«Последние новости». 1936–1940 (Адамович) - страница 127

Первые главы восторженные. Но характерно в них то, что относятся они, в сущности, не к СССР, а к России, — то есть не к форме правления или временным политическим порядкам, а к свойствам и качествам народа. «Нигде на свете общение с толпой, с первым встречным, не налаживается так легко, мгновенно, глубоко, горячо, как в СССР. Порой достаточно одного взгляда — и возникает страстная симпатия. Не думаю, чтобы где-либо, кроме СССР, можно было бы так глубоко испытать чувство человечности. Несмотря на различия языков, никогда нигде еще я с такой силой не сознавал себя товарищем и братом». Жид передает свои впечатления от московского «Парка культуры и отдыха», рассказывает, как к нему в вагон по дороге из Москвы во Владикавказ вошла группа комсомольцев и комсомолок, какой чудесный он вместе со своими спутниками-французами провел вечер, — и повторяет: «Едва ли в другой стране возможна такая быстрая естественная дружба, едва ли где-нибудь существует такая чарующая молодежь».

Люди, — не раз напоминает Жид, — интереснее для него, нежели «пейзажи». Для Петербурга, однако, он делает исключение, — подчеркивая, что именно Петербург, а не Санкт-Петербург кажется ему «прекраснейшим городом в мире» (лет 12 тому назад то же самое сказал вернувшийся из России Поль Моран). «Город этот будто создан воображением Пушкина или Бодлера… Памятники его так же совершенны по размерам, как темы в симфониях Моцарта. „Là tout n’est qu’ordre et beaute“. Духу здесь свободно и радостно».

Сомнения начинаются с посещения магазинов.
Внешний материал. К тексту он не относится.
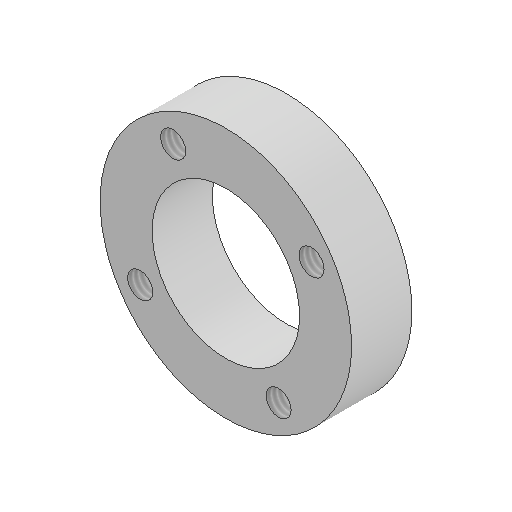
# Autodesk Inventor part: Part16
Saved by Autodesk Inventor 2024 (Build 280153000, 153)
## iProperties
Created: 2023-04-05
Part Number: Part16
Material: Generic
Document SubType Name: Modeling
Designer: ralph
Density: 1 g/cm^3
Appearance: Default
Author: ralph
Autodesk Inventor part; units mm, degrees
ref_plane "YZ Plane" through (0, 0, 0) normal (1, 0, 0) x (0, 1, 0)
ref_plane "XZ Plane" through (0, 0, 0) normal (0, 1, 0) x (-1, 0, 0)
ref_plane "XY Plane" through (0, 0, 0) normal (0, 0, 1) x (1, 0, 0)
sketch "Sketch1" plane through (0, 0, 0) normal (0, 0, 1) x (1, 0, 0)
  circle A0 centre (0, -5) radius 23.8125
  ellipse E0 centre (-25.0666, -29.0096) end of major axis (-17.3967, -26.4903) minor radius 5.8789 (-26.9076, -23.4263) -> (-26.9076, -23.4263) ccw projected
  line L0 (-26.9076, -23.4263) -> (-27.832, -23.7377) projected
  line L1 (-29.2659, -21.4083) -> (-28.5247, -20.677) projected
  ellipse E1 centre (-32.7272, -16.5643) end of major axis (-27.023, -10.8513) minor radius 5.8792 (-28.5715, -20.7232) -> (-28.5252, -20.6765) ccw projected
  ellipse E2 centre (-32.3466, -17.5895) end of major axis (-24.2964, -18.1971) minor radius 5.879 (-31.9108, -11.7266) -> (-31.9108, -11.7266) ccw projected
  line L2 (-31.9108, -11.7266) -> (-32.884, -11.6605) projected
  line L3 (-33.3173, -8.9597) -> (-32.3527, -8.5677) projected
  ellipse E3 centre (-34.6613, -3.1603) end of major axis (-27.2053, -0.0652) minor radius 5.8788 (-32.4136, -8.5925) -> (-32.353, -8.5671) ccw projected
  ellipse E4 centre (-34.7021, -4.2527) end of major axis (-41.907, -0.6107) minor radius 5.8791 (-32.0559, 0.9971) -> (-32.0559, 0.9971) ccw projected
  line L4 (-32.0559, 0.9971) -> (-32.9298, 1.4307) projected
  line L5 (-32.2965, 4.0917) -> (-31.2553, 4.0847) projected
  ellipse E5 centre (-31.3188, 9.9638) end of major axis (-23.246, 9.97) minor radius 5.8786 (-31.321, 4.0851) -> (-31.2553, 4.0853) ccw projected
  ellipse E6 centre (-31.7749, 8.9701) end of major axis (-37.0377, 15.0923) minor radius 5.8794 (-27.3208, 12.8079) -> (-27.3208, 12.8079) ccw projected
  line L6 (-27.3208, 12.8079) -> (-27.9622, 13.5428) projected
  line L7 (-26.3588, 15.759) -> (-25.3996, 15.3541) projected
  ellipse E7 centre (-23.2082, 20.8106) end of major axis (-30.6693, 23.8943) minor radius 5.8793 (-25.4601, 15.3796) -> (-25.3993, 15.3547) ccw projected
  ellipse E8 centre (-24.0096, 20.0665) end of major axis (-26.5289, 27.7364) minor radius 5.8789 (-18.4263, 21.9076) -> (-18.4263, 21.9076) ccw projected
  line L8 (-18.4263, 21.9076) -> (-18.7377, 22.832) projected
  line L9 (-16.4083, 24.2659) -> (-15.677, 23.5247) projected
  ellipse E9 centre (-11.5646, 27.7269) end of major axis (-17.2775, 33.4309) minor radius 5.8788 (-15.7232, 23.5715) -> (-15.6765, 23.5252) ccw projected
  ellipse E10 centre (-12.5894, 27.3465) end of major axis (-11.9818, 35.3967) minor radius 5.8789 (-6.7266, 26.9108) -> (-6.7266, 26.9108) ccw projected
  line L10 (-6.7266, 26.9108) -> (-6.6605, 27.884) projected
  line L11 (-3.9597, 28.3173) -> (-3.5677, 27.3527) projected
  ellipse E11 centre (1.8398, 29.6613) end of major axis (-1.2553, 37.1175) minor radius 5.879 (-3.5925, 27.4136) -> (-3.5671, 27.353) ccw projected
  ellipse E12 centre (0.7479, 29.7018) end of major axis (4.3898, 36.9062) minor radius 5.8783 (5.9971, 27.0559) -> (5.9971, 27.0559) ccw projected
  line L12 (5.9971, 27.0559) -> (6.4307, 27.9298) projected
  line L13 (9.0917, 27.2965) -> (9.0847, 26.2553) projected
  ellipse E13 centre (14.9639, 26.3188) end of major axis (14.9577, 34.3917) minor radius 5.8788 (9.0851, 26.321) -> (9.0853, 26.2553) ccw projected
  ellipse E14 centre (13.9703, 26.7747) end of major axis (20.0923, 32.0374) minor radius 5.8792 (17.8079, 22.3208) -> (17.8079, 22.3208) ccw projected
  line L14 (17.8079, 22.3208) -> (18.5428, 22.9622) projected
  line L15 (20.759, 21.3588) -> (20.3541, 20.3996) projected
  ellipse E15 centre (25.8103, 18.2083) end of major axis (28.8939, 25.6692) minor radius 5.879 (20.3796, 20.4601) -> (20.3547, 20.3993) ccw projected
  ellipse E16 centre (25.0664, 19.0099) end of major axis (32.7365, 21.5293) minor radius 5.8793 (26.9076, 13.4263) -> (26.9076, 13.4263) ccw projected
  line L16 (26.9076, 13.4263) -> (27.832, 13.7377) projected
  line L17 (29.2659, 11.4083) -> (28.5247, 10.677) projected
  ellipse E17 centre (32.7273, 6.5642) end of major axis (38.4316, 12.2773) minor radius 5.8794 (28.5715, 10.7232) -> (28.5252, 10.6765) ccw projected
  ellipse E18 centre (32.3466, 7.5897) end of major axis (40.3969, 6.9821) minor radius 5.8792 (31.9108, 1.7266) -> (31.9108, 1.7266) ccw projected
  line L18 (31.9108, 1.7266) -> (32.884, 1.6605) projected
  line L19 (33.3173, -1.0403) -> (32.3527, -1.4323) projected
  ellipse E19 centre (34.6614, -6.8401) end of major axis (42.1177, -3.7449) minor radius 5.8793 (32.4136, -1.4075) -> (32.353, -1.4329) ccw projected
  ellipse E20 centre (34.702, -5.7476) end of major axis (27.4973, -2.1056) minor radius 5.8787 (32.0559, -10.9971) -> (32.0559, -10.9971) ccw projected
  line L20 (32.0559, -10.9971) -> (32.9298, -11.4307) projected
  line L21 (32.2965, -14.0917) -> (31.2553, -14.0847) projected
  ellipse E21 centre (31.3188, -19.9647) end of major axis (39.3922, -19.9584) minor radius 5.8795 (31.321, -14.0851) -> (31.2553, -14.0853) ccw projected
  ellipse E22 centre (31.7746, -18.9703) end of major axis (26.5119, -12.8483) minor radius 5.8791 (27.3208, -22.8079) -> (27.3208, -22.8079) ccw projected
  line L22 (27.3208, -22.8079) -> (27.9622, -23.5428) projected
  line L23 (26.3588, -25.759) -> (25.3996, -25.3541) projected
  ellipse E23 centre (23.2082, -30.8104) end of major axis (15.7472, -27.7267) minor radius 5.8792 (25.4601, -25.3796) -> (25.3993, -25.3547) ccw projected
  ellipse E24 centre (24.0098, -30.0665) end of major axis (21.4905, -22.3965) minor radius 5.8792 (18.4263, -31.9076) -> (18.4263, -31.9076) ccw projected
  line L24 (18.4263, -31.9076) -> (18.7377, -32.832) projected
  line L25 (16.4083, -34.2659) -> (15.677, -33.5247) projected
  ellipse E25 centre (11.5644, -37.7271) end of major axis (5.8515, -32.0229) minor radius 5.8791 (15.7232, -33.5715) -> (15.6765, -33.5252) ccw projected
  ellipse E26 centre (12.5894, -37.3465) end of major axis (13.197, -29.2964) minor radius 5.879 (6.7266, -36.9108) -> (6.7266, -36.9108) ccw projected
  line L26 (6.7266, -36.9108) -> (6.6605, -37.884) projected
  line L27 (3.9597, -38.3173) -> (3.5677, -37.3527) projected
  ellipse E27 centre (-1.84, -39.6614) end of major axis (-4.9353, -32.2052) minor radius 5.8792 (3.5925, -37.4136) -> (3.5671, -37.353) ccw projected
  ellipse E28 centre (-0.7476, -39.702) end of major axis (2.8944, -32.4973) minor radius 5.8788 (-5.9971, -37.0559) -> (-5.9971, -37.0559) ccw projected
  line L28 (-5.9971, -37.0559) -> (-6.4307, -37.9298) projected
  line L29 (-9.0917, -37.2965) -> (-9.0847, -36.2553) projected
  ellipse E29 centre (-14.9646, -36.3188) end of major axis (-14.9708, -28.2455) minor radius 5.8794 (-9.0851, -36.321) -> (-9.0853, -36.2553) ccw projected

Что товары плохи, что товаров мало, — Жиду безразлично. Его интересуют покупатели: как могут они быть довольны, чем их удовлетворение вызвано? Не лежит ли в основе большинства советских чувств или ощущений невежество, поддерживаемое и поощряемое сверху и питающееся уверенностью, что на Западе все еще много хуже? Не на этом ли невежестве основан и тот «комплекс превосходства», который Жида, по-видимому, глубоко поразил, то безграничное, беспредельное советское бахвальство, которое нас за десять или пятнадцать лет, признаемся, уже перестало поражать, хотя и остается одной из самых тягостных советских черт?

Как, наконец, примириться с тем, что все обо всем в СССР думают и говорят одно и то же?

До разбора андре-жидовских попыток ответить на эти вопросы приведу несколько строк, пожалуй, центральных в его книге, — и по самой резкости своей, по определенности и отчетливости, вероятно, нелегко ему давшихся:

«Дух, считающийся теперь в СССР контрреволюционным, есть тот самый революционный дух, тот фермент, который взорвал когда-то полусгнивший царский мир. Хотелось бы думать, что льющаяся через край любовь к людям или по меньшей мере властная потребность справедливости наполняет сердца. Однако с того момента, как революция совершилась, восторжествовала, стабилизировалась, все это исчезло, и чувства, оживлявшие первых революционеров, стали лишними, стеснительными… Теперь, когда революция восторжествовала, когда она приручена, когда она вступает в компромиссы, когда — по мнению некоторых — она поумнела, те, которых еще оживляет этот революционный фермент, изгоняются или уничтожаются. Не честнее ли было бы вместо игры словами откровенно признать, что революционный дух (или, даже проще, критический дух) вышел из моды, что в нем больше нет нужды? Теперь требуют уступчивости, „le conformisme“, требуют одобрения всего, что в СССР делается. Добиваются того, чтобы одобрение это было добровольным, — и, как это ни удивительно, достигают этого! С другой стороны, малейший протест, малейшая критика влечет за собой худшие кары, и сейчас же заглушается…» Дальше идет ставшая уже знаменитой фраза о том, что духу нигде, даже в гитлеровской Германии, не может быть тяжелее, чем в СССР, — фраза, уже облетевшая все газеты, фраза, которая привела бы Жида в негодование еще полгода тому назад.